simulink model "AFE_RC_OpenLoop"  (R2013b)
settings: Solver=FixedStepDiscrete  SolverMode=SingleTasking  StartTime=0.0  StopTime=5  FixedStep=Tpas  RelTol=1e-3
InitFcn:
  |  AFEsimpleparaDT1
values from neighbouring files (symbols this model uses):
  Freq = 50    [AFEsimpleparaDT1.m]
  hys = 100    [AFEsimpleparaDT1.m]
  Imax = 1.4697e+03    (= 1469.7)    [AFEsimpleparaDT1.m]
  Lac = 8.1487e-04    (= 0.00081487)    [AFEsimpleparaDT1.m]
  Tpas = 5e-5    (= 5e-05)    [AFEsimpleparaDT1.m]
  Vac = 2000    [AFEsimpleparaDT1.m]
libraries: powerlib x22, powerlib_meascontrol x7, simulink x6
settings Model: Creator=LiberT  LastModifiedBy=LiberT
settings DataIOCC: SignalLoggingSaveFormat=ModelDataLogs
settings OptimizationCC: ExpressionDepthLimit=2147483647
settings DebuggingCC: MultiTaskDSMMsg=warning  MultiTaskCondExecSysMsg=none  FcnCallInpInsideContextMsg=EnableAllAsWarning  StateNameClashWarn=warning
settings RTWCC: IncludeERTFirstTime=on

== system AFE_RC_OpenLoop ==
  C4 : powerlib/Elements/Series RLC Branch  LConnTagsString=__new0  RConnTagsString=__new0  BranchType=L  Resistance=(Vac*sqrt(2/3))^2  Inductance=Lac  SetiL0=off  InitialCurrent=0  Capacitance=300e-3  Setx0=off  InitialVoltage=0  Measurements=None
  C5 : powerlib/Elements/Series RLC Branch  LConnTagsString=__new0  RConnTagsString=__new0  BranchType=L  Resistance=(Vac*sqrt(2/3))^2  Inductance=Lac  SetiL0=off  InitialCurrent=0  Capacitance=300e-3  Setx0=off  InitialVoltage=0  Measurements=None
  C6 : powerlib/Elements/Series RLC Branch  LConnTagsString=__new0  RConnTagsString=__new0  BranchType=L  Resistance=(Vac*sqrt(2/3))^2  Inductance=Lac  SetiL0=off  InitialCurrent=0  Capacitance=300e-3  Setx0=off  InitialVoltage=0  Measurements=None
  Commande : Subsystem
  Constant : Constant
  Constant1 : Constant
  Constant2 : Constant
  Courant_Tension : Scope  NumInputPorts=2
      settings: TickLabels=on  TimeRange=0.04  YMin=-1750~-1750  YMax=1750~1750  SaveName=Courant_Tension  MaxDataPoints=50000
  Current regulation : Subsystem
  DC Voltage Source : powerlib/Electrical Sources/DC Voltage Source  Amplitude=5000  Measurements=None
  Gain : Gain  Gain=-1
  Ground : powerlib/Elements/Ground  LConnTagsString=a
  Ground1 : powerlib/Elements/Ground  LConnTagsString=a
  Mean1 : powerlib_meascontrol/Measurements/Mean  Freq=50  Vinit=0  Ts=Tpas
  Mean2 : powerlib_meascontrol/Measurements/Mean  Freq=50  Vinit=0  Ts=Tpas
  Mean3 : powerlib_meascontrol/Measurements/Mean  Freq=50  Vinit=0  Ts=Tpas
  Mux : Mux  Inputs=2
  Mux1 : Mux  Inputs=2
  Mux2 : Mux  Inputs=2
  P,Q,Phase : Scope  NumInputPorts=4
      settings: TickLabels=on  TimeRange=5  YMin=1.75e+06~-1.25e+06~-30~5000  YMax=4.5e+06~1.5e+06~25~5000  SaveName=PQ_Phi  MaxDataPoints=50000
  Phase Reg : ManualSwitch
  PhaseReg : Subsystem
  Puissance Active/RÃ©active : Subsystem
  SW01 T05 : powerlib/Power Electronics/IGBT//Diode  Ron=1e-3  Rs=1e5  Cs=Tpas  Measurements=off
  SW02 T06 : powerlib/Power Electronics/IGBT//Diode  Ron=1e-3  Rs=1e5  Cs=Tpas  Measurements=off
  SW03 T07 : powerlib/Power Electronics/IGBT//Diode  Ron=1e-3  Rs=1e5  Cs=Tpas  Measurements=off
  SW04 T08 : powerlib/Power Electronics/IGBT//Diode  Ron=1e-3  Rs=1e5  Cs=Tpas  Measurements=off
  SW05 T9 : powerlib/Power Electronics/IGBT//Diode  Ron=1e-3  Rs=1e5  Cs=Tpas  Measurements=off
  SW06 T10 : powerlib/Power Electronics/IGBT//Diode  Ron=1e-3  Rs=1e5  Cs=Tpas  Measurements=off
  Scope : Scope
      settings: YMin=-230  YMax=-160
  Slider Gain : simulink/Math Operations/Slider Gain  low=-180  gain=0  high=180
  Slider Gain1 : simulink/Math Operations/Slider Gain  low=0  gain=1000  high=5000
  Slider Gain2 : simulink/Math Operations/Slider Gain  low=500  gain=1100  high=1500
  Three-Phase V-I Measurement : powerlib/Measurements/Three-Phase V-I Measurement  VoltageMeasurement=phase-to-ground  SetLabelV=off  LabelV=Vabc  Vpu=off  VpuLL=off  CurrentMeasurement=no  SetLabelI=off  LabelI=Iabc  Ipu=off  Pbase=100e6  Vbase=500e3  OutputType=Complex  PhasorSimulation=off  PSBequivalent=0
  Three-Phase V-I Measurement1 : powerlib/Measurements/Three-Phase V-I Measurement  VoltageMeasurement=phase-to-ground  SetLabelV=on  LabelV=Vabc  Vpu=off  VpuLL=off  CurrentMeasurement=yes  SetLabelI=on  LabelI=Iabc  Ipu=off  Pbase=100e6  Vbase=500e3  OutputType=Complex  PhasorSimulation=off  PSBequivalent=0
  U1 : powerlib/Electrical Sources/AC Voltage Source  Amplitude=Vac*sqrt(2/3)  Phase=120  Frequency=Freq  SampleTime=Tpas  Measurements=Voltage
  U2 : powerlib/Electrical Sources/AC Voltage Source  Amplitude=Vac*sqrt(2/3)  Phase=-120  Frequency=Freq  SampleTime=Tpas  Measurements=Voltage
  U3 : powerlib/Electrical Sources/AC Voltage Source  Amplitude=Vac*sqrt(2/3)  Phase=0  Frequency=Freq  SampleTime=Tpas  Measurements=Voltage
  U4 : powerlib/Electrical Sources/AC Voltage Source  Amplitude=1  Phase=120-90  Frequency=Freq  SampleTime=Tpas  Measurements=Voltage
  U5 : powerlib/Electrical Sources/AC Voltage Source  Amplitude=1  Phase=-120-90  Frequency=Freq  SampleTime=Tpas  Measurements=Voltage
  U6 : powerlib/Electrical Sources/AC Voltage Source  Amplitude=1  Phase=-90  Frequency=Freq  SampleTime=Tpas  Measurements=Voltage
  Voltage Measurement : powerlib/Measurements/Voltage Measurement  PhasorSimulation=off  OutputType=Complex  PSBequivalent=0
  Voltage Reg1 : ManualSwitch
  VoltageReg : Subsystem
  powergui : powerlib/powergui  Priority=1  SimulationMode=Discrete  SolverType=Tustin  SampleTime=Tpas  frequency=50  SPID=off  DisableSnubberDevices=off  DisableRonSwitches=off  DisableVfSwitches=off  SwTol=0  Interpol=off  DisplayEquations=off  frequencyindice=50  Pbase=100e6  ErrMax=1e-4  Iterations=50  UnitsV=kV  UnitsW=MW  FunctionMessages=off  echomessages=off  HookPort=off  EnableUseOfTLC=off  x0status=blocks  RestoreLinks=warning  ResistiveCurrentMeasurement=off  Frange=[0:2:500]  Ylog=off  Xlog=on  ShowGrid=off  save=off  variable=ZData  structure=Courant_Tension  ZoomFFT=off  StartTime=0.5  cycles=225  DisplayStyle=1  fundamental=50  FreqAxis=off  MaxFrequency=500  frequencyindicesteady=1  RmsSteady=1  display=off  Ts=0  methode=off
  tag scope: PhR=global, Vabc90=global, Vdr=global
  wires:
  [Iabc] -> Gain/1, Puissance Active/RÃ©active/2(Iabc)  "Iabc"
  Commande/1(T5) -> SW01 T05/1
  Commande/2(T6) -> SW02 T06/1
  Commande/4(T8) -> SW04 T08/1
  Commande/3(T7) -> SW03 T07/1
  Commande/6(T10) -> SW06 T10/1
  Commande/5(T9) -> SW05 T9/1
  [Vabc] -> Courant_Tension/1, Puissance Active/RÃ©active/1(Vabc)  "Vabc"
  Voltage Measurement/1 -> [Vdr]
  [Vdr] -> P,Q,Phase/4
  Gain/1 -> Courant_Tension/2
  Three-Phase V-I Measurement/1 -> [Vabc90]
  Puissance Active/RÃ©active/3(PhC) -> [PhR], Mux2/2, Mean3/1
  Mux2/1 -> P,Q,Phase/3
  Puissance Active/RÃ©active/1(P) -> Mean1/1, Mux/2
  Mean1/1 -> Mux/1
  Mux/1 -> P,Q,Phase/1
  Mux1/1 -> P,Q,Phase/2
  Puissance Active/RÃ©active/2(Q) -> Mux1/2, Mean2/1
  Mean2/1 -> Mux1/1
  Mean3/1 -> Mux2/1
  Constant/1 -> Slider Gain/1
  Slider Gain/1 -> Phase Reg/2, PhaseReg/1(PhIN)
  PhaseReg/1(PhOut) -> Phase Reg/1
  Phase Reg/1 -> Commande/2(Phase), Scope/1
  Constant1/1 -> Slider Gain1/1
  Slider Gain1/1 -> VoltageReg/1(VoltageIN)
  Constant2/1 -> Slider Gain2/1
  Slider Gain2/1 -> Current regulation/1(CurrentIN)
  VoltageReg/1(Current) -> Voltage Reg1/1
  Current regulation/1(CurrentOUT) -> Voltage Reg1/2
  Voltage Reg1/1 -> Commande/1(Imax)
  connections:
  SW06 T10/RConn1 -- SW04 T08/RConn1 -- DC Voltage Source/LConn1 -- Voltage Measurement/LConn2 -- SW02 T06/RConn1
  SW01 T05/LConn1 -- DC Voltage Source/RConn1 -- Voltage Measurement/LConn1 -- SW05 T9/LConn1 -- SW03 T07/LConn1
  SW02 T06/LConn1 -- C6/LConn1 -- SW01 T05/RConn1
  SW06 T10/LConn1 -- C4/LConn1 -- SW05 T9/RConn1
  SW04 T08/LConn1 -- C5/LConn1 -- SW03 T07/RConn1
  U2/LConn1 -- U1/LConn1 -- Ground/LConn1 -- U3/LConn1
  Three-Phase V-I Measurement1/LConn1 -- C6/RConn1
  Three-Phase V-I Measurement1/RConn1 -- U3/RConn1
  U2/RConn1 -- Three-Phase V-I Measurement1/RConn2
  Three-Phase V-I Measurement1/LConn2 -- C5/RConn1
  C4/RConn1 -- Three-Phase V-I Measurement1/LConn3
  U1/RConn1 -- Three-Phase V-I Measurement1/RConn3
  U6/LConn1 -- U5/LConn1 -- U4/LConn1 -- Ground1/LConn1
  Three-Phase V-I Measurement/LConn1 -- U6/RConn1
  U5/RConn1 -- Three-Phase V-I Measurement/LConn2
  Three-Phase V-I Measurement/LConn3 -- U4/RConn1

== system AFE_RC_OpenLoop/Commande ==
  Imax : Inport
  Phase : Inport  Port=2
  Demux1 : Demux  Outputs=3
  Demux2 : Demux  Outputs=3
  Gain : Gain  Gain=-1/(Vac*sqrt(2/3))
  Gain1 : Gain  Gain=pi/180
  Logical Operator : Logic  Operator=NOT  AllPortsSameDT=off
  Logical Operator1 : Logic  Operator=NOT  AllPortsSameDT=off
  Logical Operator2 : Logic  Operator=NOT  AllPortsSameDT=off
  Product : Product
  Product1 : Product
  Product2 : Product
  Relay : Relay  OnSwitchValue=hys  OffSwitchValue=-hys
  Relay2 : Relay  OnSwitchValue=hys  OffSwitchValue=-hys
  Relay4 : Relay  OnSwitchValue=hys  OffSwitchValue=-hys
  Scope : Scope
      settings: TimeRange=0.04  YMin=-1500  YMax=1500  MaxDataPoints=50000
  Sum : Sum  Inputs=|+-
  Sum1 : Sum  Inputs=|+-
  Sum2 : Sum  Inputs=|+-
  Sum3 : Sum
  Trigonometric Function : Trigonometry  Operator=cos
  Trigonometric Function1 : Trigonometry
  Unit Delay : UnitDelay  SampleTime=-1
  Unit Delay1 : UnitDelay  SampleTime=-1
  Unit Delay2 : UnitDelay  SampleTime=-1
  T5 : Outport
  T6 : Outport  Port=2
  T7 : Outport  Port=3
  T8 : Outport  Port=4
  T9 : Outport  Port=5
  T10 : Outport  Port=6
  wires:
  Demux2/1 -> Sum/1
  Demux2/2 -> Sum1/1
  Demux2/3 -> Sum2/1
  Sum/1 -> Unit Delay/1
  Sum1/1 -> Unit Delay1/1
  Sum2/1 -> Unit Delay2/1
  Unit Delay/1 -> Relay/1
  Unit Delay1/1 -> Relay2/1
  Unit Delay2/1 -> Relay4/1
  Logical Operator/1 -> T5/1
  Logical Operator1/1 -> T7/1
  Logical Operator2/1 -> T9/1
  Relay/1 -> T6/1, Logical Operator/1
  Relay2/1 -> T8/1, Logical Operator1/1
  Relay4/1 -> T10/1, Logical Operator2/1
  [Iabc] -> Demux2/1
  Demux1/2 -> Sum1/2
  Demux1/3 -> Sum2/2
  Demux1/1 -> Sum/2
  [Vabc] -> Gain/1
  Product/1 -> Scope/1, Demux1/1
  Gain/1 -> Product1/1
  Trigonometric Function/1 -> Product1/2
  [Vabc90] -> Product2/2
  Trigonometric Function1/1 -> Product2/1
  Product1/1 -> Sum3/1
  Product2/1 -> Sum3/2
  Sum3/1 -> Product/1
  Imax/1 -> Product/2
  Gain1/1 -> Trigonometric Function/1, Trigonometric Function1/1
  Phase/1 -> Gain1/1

──────────────────────────────

◆ WORK TASK
Repeat exactly, and only, the run of lines from the start of the material above through the line that holds "Current regulation : Subsystem".

◆ SOLUTION BELOW
simulink model "AFE_RC_OpenLoop"  (R2013b)
settings: Solver=FixedStepDiscrete  SolverMode=SingleTasking  StartTime=0.0  StopTime=5  FixedStep=Tpas  RelTol=1e-3
InitFcn:
  |  AFEsimpleparaDT1
values from neighbouring files (symbols this model uses):
  Freq = 50    [AFEsimpleparaDT1.m]
  hys = 100    [AFEsimpleparaDT1.m]
  Imax = 1.4697e+03    (= 1469.7)    [AFEsimpleparaDT1.m]
  Lac = 8.1487e-04    (= 0.00081487)    [AFEsimpleparaDT1.m]
  Tpas = 5e-5    (= 5e-05)    [AFEsimpleparaDT1.m]
  Vac = 2000    [AFEsimpleparaDT1.m]
libraries: powerlib x22, powerlib_meascontrol x7, simulink x6
settings Model: Creator=LiberT  LastModifiedBy=LiberT
settings DataIOCC: SignalLoggingSaveFormat=ModelDataLogs
settings OptimizationCC: ExpressionDepthLimit=2147483647
settings DebuggingCC: MultiTaskDSMMsg=warning  MultiTaskCondExecSysMsg=none  FcnCallInpInsideContextMsg=EnableAllAsWarning  StateNameClashWarn=warning
settings RTWCC: IncludeERTFirstTime=on

== system AFE_RC_OpenLoop ==
  C4 : powerlib/Elements/Series RLC Branch  LConnTagsString=__new0  RConnTagsString=__new0  BranchType=L  Resistance=(Vac*sqrt(2/3))^2  Inductance=Lac  SetiL0=off  InitialCurrent=0  Capacitance=300e-3  Setx0=off  InitialVoltage=0  Measurements=None
  C5 : powerlib/Elements/Series RLC Branch  LConnTagsString=__new0  RConnTagsString=__new0  BranchType=L  Resistance=(Vac*sqrt(2/3))^2  Inductance=Lac  SetiL0=off  InitialCurrent=0  Capacitance=300e-3  Setx0=off  InitialVoltage=0  Measurements=None
  C6 : powerlib/Elements/Series RLC Branch  LConnTagsString=__new0  RConnTagsString=__new0  BranchType=L  Resistance=(Vac*sqrt(2/3))^2  Inductance=Lac  SetiL0=off  InitialCurrent=0  Capacitance=300e-3  Setx0=off  InitialVoltage=0  Measurements=None
  Commande : Subsystem
  Constant : Constant
  Constant1 : Constant
  Constant2 : Constant
  Courant_Tension : Scope  NumInputPorts=2
      settings: TickLabels=on  TimeRange=0.04  YMin=-1750~-1750  YMax=1750~1750  SaveName=Courant_Tension  MaxDataPoints=50000
  Current regulation : Subsystem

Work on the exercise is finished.